The production of meat and other animal-based food uses up a large portion of the land available around the world for agriculture. In order to produce 1 kg of beef protein, ten times more land is required than for the production of 1 kg insect protein from mealworms, for example.

  • Food Shortage

Because, by the year 2030, we will need to feed over 9 billion people along with billions of animals, food shortage will be a major issue. Insects are cold-blooded and therefore, in comparison to conventional livestock, process their feed much more efficiently. On average, insects can transform 2 kg of feed into 1 kg of insect mass. Cattle, on the other hand, need 8 kg of feed to produce 1 kg of body mass. In addition, insects are very easy to please and can process feed with very high raw-fibre content that we people could never process so efficiently.

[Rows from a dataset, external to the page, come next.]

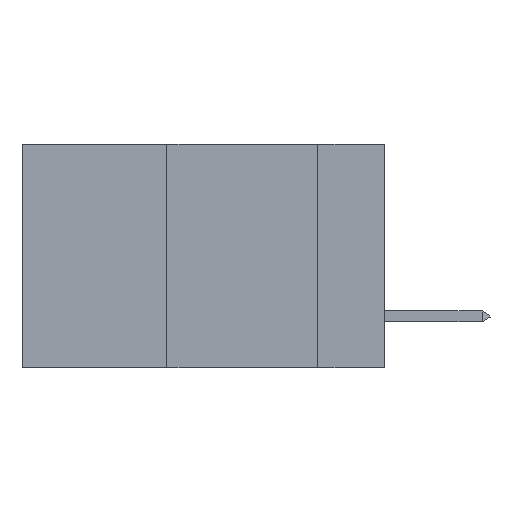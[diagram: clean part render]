
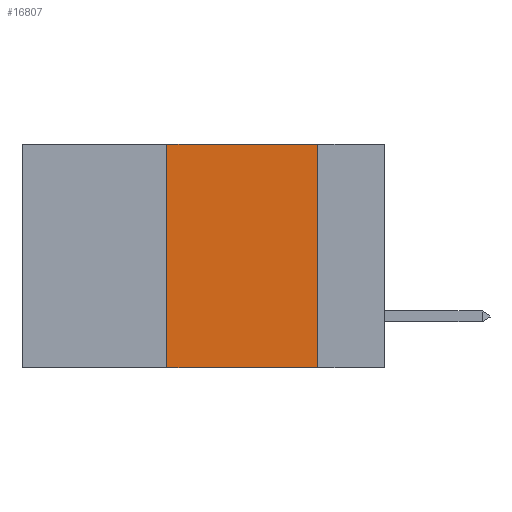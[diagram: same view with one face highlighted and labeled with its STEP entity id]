
A CAD part, left-side view. The second image highlights one B-rep face of the part: STEP entity #16807.
In plain terms, the highlighted planar face has unit normal (-1, 0, 0).
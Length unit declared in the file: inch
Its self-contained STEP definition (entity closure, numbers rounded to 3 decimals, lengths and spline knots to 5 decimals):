
#1676 = LINE ( 'NONE', #8014, #33467 ) ;
#3454 = CARTESIAN_POINT ( 'NONE',  ( 0., 0.6, -0.37 ) ) ;
#5153 = EDGE_CURVE ( 'NONE', #37110, #30003, #20922, .T. ) ;
#5504 = VECTOR ( 'NONE', #25809, 39.37008 ) ;
#5574 = CARTESIAN_POINT ( 'NONE',  ( 0., 0.6, 0. ) ) ;
#6885 = PLANE ( 'NONE',  #43792 ) ;
#8014 = CARTESIAN_POINT ( 'NONE',  ( 0., 0.36, 0. ) ) ;
#8431 = EDGE_CURVE ( 'NONE', #15531, #30003, #39019, .T. ) ;
#11862 = CARTESIAN_POINT ( 'NONE',  ( 0., 0.11, 0. ) ) ;
#13339 = FACE_OUTER_BOUND ( 'NONE', #26792, .T. ) ;
#15531 = VERTEX_POINT ( 'NONE', #11862 ) ;
#16807 = ADVANCED_FACE ( 'NONE', ( #13339 ), #6885, .F. ) ;
#18870 = ORIENTED_EDGE ( 'NONE', *, *, #8431, .F. ) ;
#20520 = VERTEX_POINT ( 'NONE', #35560 ) ;
#20840 = CARTESIAN_POINT ( 'NONE',  ( 0., 0.36, -0.37 ) ) ;
#20922 = LINE ( 'NONE', #3454, #44461 ) ;
#21237 = LINE ( 'NONE', #5574, #44271 ) ;
#22111 = DIRECTION ( 'NONE',  ( 0., 0., -1. ) ) ;
#25809 = DIRECTION ( 'NONE',  ( 0., 0., -1. ) ) ;
#26792 = EDGE_LOOP ( 'NONE', ( #18870, #42798, #37362, #31023 ) ) ;
#29343 = DIRECTION ( 'NONE',  ( 0., -1., 0. ) ) ;
#30003 = VERTEX_POINT ( 'NONE', #34772 ) ;
#31023 = ORIENTED_EDGE ( 'NONE', *, *, #5153, .T. ) ;
#31287 = DIRECTION ( 'NONE',  ( 0., -1., 0. ) ) ;
#33045 = CARTESIAN_POINT ( 'NONE',  ( 0., 0.11, 0. ) ) ;
#33467 = VECTOR ( 'NONE', #37573, 39.37008 ) ;
#34772 = CARTESIAN_POINT ( 'NONE',  ( 0., 0.11, -0.37 ) ) ;
#35560 = CARTESIAN_POINT ( 'NONE',  ( 0., 0.36, 0. ) ) ;
#37110 = VERTEX_POINT ( 'NONE', #20840 ) ;
#37362 = ORIENTED_EDGE ( 'NONE', *, *, #44348, .F. ) ;
#37573 = DIRECTION ( 'NONE',  ( 0., 0., 1. ) ) ;
#39019 = LINE ( 'NONE', #33045, #5504 ) ;
#42798 = ORIENTED_EDGE ( 'NONE', *, *, #46313, .F. ) ;
#43792 = AXIS2_PLACEMENT_3D ( 'NONE', #44131, #44297, #22111 ) ;
#44131 = CARTESIAN_POINT ( 'NONE',  ( 0., 0.6, 0. ) ) ;
#44271 = VECTOR ( 'NONE', #31287, 39.37008 ) ;
#44297 = DIRECTION ( 'NONE',  ( 1., 0., 0. ) ) ;
#44348 = EDGE_CURVE ( 'NONE', #37110, #20520, #1676, .T. ) ;
#44461 = VECTOR ( 'NONE', #29343, 39.37008 ) ;
#46313 = EDGE_CURVE ( 'NONE', #20520, #15531, #21237, .T. ) ;
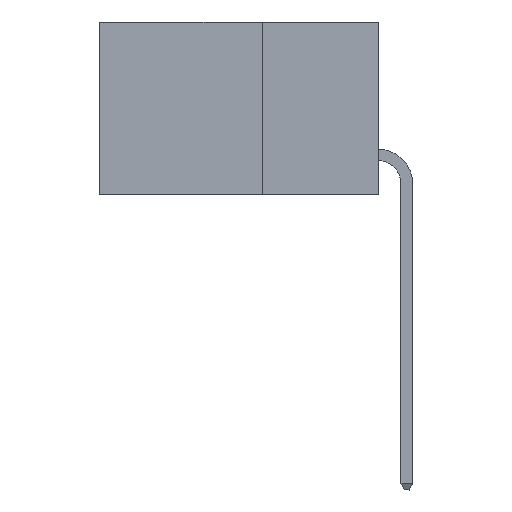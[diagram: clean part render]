
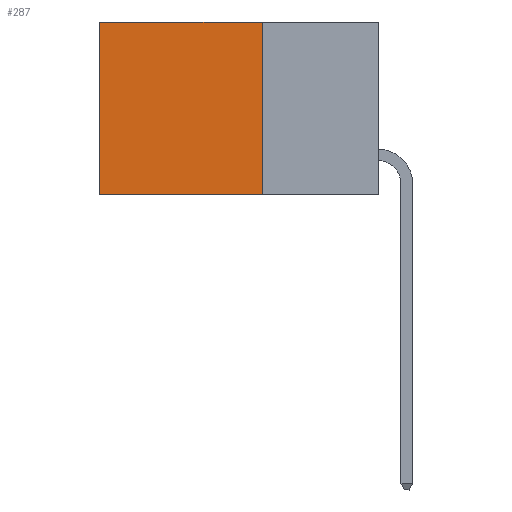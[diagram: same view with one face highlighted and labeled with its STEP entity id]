
A CAD part, left-side view. The second image highlights one B-rep face of the part: STEP entity #287.
In plain terms, the highlighted planar face has unit normal (-1, 0, 0).
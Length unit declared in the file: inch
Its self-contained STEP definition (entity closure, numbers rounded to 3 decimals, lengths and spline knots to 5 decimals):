
#100 = DIRECTION ( 'NONE',  ( 0., 1., 0. ) ) ;
#287 = ADVANCED_FACE ( 'NONE', ( #7260 ), #5007, .F. ) ;
#509 = ORIENTED_EDGE ( 'NONE', *, *, #16423, .F. ) ;
#571 = CARTESIAN_POINT ( 'NONE',  ( 0.298, 0.25, -0.37 ) ) ;
#1304 = AXIS2_PLACEMENT_3D ( 'NONE', #9180, #26055, #25789 ) ;
#1319 = LINE ( 'NONE', #16878, #3927 ) ;
#2144 = EDGE_CURVE ( 'NONE', #19544, #11538, #1319, .T. ) ;
#3187 = VECTOR ( 'NONE', #5808, 39.37008 ) ;
#3356 = EDGE_CURVE ( 'NONE', #15474, #25833, #10656, .T. ) ;
#3927 = VECTOR ( 'NONE', #6719, 39.37008 ) ;
#5007 = PLANE ( 'NONE',  #1304 ) ;
#5242 = ORIENTED_EDGE ( 'NONE', *, *, #2144, .F. ) ;
#5808 = DIRECTION ( 'NONE',  ( 0., 0., -1. ) ) ;
#6645 = DIRECTION ( 'NONE',  ( 0., 1., 0. ) ) ;
#6719 = DIRECTION ( 'NONE',  ( 0., 0., -1. ) ) ;
#7260 = FACE_OUTER_BOUND ( 'NONE', #14844, .T. ) ;
#9180 = CARTESIAN_POINT ( 'NONE',  ( 0.298, 0.25, 0. ) ) ;
#9264 = LINE ( 'NONE', #12379, #14188 ) ;
#10512 = ORIENTED_EDGE ( 'NONE', *, *, #18385, .T. ) ;
#10656 = LINE ( 'NONE', #18025, #3187 ) ;
#10807 = CARTESIAN_POINT ( 'NONE',  ( 0.298, 0.6, -0.37 ) ) ;
#10819 = CARTESIAN_POINT ( 'NONE',  ( 0.298, 0.25, -0.37 ) ) ;
#11538 = VERTEX_POINT ( 'NONE', #571 ) ;
#12379 = CARTESIAN_POINT ( 'NONE',  ( 0.298, 0.25, 0. ) ) ;
#14188 = VECTOR ( 'NONE', #100, 39.37008 ) ;
#14844 = EDGE_LOOP ( 'NONE', ( #20193, #509, #5242, #10512 ) ) ;
#15474 = VERTEX_POINT ( 'NONE', #21583 ) ;
#16423 = EDGE_CURVE ( 'NONE', #11538, #25833, #23025, .T. ) ;
#16878 = CARTESIAN_POINT ( 'NONE',  ( 0.298, 0.25, 0. ) ) ;
#17501 = VECTOR ( 'NONE', #6645, 39.37008 ) ;
#18025 = CARTESIAN_POINT ( 'NONE',  ( 0.298, 0.6, 0. ) ) ;
#18385 = EDGE_CURVE ( 'NONE', #19544, #15474, #9264, .T. ) ;
#19544 = VERTEX_POINT ( 'NONE', #26029 ) ;
#20193 = ORIENTED_EDGE ( 'NONE', *, *, #3356, .T. ) ;
#21583 = CARTESIAN_POINT ( 'NONE',  ( 0.298, 0.6, 0. ) ) ;
#23025 = LINE ( 'NONE', #10819, #17501 ) ;
#25789 = DIRECTION ( 'NONE',  ( 0., 0., -1. ) ) ;
#25833 = VERTEX_POINT ( 'NONE', #10807 ) ;
#26029 = CARTESIAN_POINT ( 'NONE',  ( 0.298, 0.25, 0. ) ) ;
#26055 = DIRECTION ( 'NONE',  ( 1., 0., 0. ) ) ;

Insects are a valuable source of protein

Insects help protect our environment and, at the same time, are good for feeding our four-legged companions. Dog food with insect protein is at least as good as dog food with conventional meat. Insects provide not only valuable proteins, but also precious fatty acids and mineral substances.

Ecologically speaking, it makes sense to use insects in dog food. They use fewer resources and provide an excellent supply of protein. In addition, insects are the ideal basis for hypoallergenic kibble since they have only been used seldomly as a source of protein in dog food in the past. With InsectDog hypoallergenic, we offer a solution to dogs with nutrient intolerances. And we are giving responsible dog owners the opportunity to help protect the environment.